◆ Task brief ◆
This task calls for copying every line of the records that includes the word "Boss".
=== Section Start ===
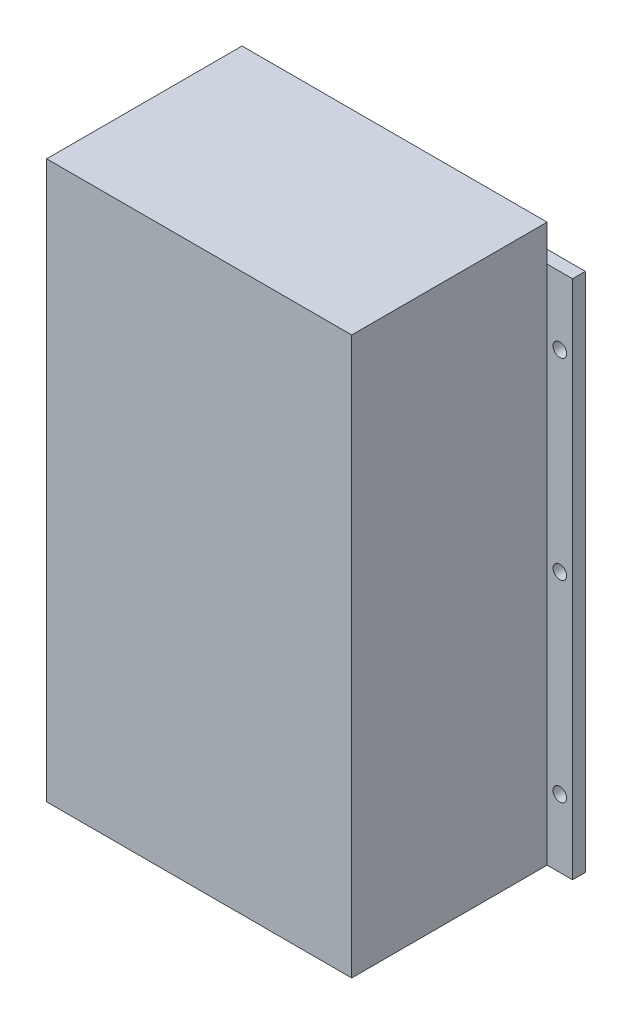
SolidWorks part; units mm, degrees
ref_plane "Front Plane" through (0, 0, 0) normal (0, 0, 1) x (1, 0, 0)
ref_plane "Top Plane" through (0, 0, 0) normal (0, 1, 0) x (1, 0, 0)
ref_plane "Right Plane" through (0, 0, 0) normal (1, 0, 0) x (0, 0, -1)
sketch "Sketch2" plane through (0, 0, 0) normal (0, 0, 1) x (1, 0, 0)
  line L1 (0, 0) -> (126, 0)
  line L2 (0, 0) -> (0, 215)
  line L3 (0, 215) -> (126, 215)
  line L4 (126, 0) -> (126, 215)
  dimension "D1" = 126
  dimension "D2" = 215
extrude "Boss-Extrude1" add sketch "Sketch2" along normal blind 86
sketch "Sketch3" plane through (126, 0, 0) normal (1, 0, 0) x (0, 0, -1)
  line L0 (-86, 0) -> (0, 0) construction
  line L1 (0, 215) -> (-5.3, 215)
  line L2 (0, 215) -> (0, 0)
  line L3 (0, 0) -> (-5.3, 0)
  line L4 (-5.3, 215) -> (-5.3, 0)
  dimension "D1" = 5.3
extrude "Boss-Extrude2" add sketch "Sketch3" along normal blind 10.5 and the other way blind 136.5
sketch "Sketch5" plane through (0, 0, 5.3) normal (0, 0, 1) x (1, 0, 0)
  line L0 (131.25, 215) -> (131.25, 0) construction
  line L1 (126, 215) -> (136.5, 215) construction
  line L2 (126, 0) -> (136.5, 0) construction
  circle A0 centre (131.25, 28) radius 2.8
  dimension "D1" = 28
sketch "Sketch6" plane through (0, 0, 5.3) normal (0, 0, 1) x (1, 0, 0)
  line L0 (131.25, 215) -> (131.25, 0) construction
  circle A0 centre (131.25, 107.5) radius 2.8
extrude "Cut-Extrude1" cut sketch "Sketch5" against normal blind 10.5
extrude "Cut-Extrude2" cut sketch "Sketch6" against normal blind 10.5
sketch "Sketch7" plane through (0, 0, 5.3) normal (0, 0, 1) x (1, 0, 0)
  line L0 (131.25, 215) -> (131.25, -21.2328) construction
  line L1 (126, 215) -> (136.5, 215) construction
  circle A0 centre (131.25, 187) radius 2.8
  dimension "D1" = 28
extrude "Cut-Extrude3" cut sketch "Sketch7" against normal blind 10.5
pattern_linear "LPattern1" count 2 spacing 136.5 along (-1, 0, 0) of "Cut-Extrude1", "Cut-Extrude2", "Cut-Extrude3"
sketch "Sketch8" plane through (0, 215, 0) normal (0, 1, 0) x (1, 0, 0)
  line L1 (0, -5.3) -> (126, -5.3)
  line L2 (0, -5.3) -> (0, -86)
  line L3 (0, -86) -> (126, -86)
  line L4 (126, -5.3) -> (126, -86)
extrude "Boss-Extrude3" add sketch "Sketch8" along normal blind 15
=== Section End ===
◆ Exercise result ◆
extrude "Boss-Extrude1" add sketch "Sketch2" along normal blind 86
extrude "Boss-Extrude2" add sketch "Sketch3" along normal blind 10.5 and the other way blind 136.5
extrude "Boss-Extrude3" add sketch "Sketch8" along normal blind 15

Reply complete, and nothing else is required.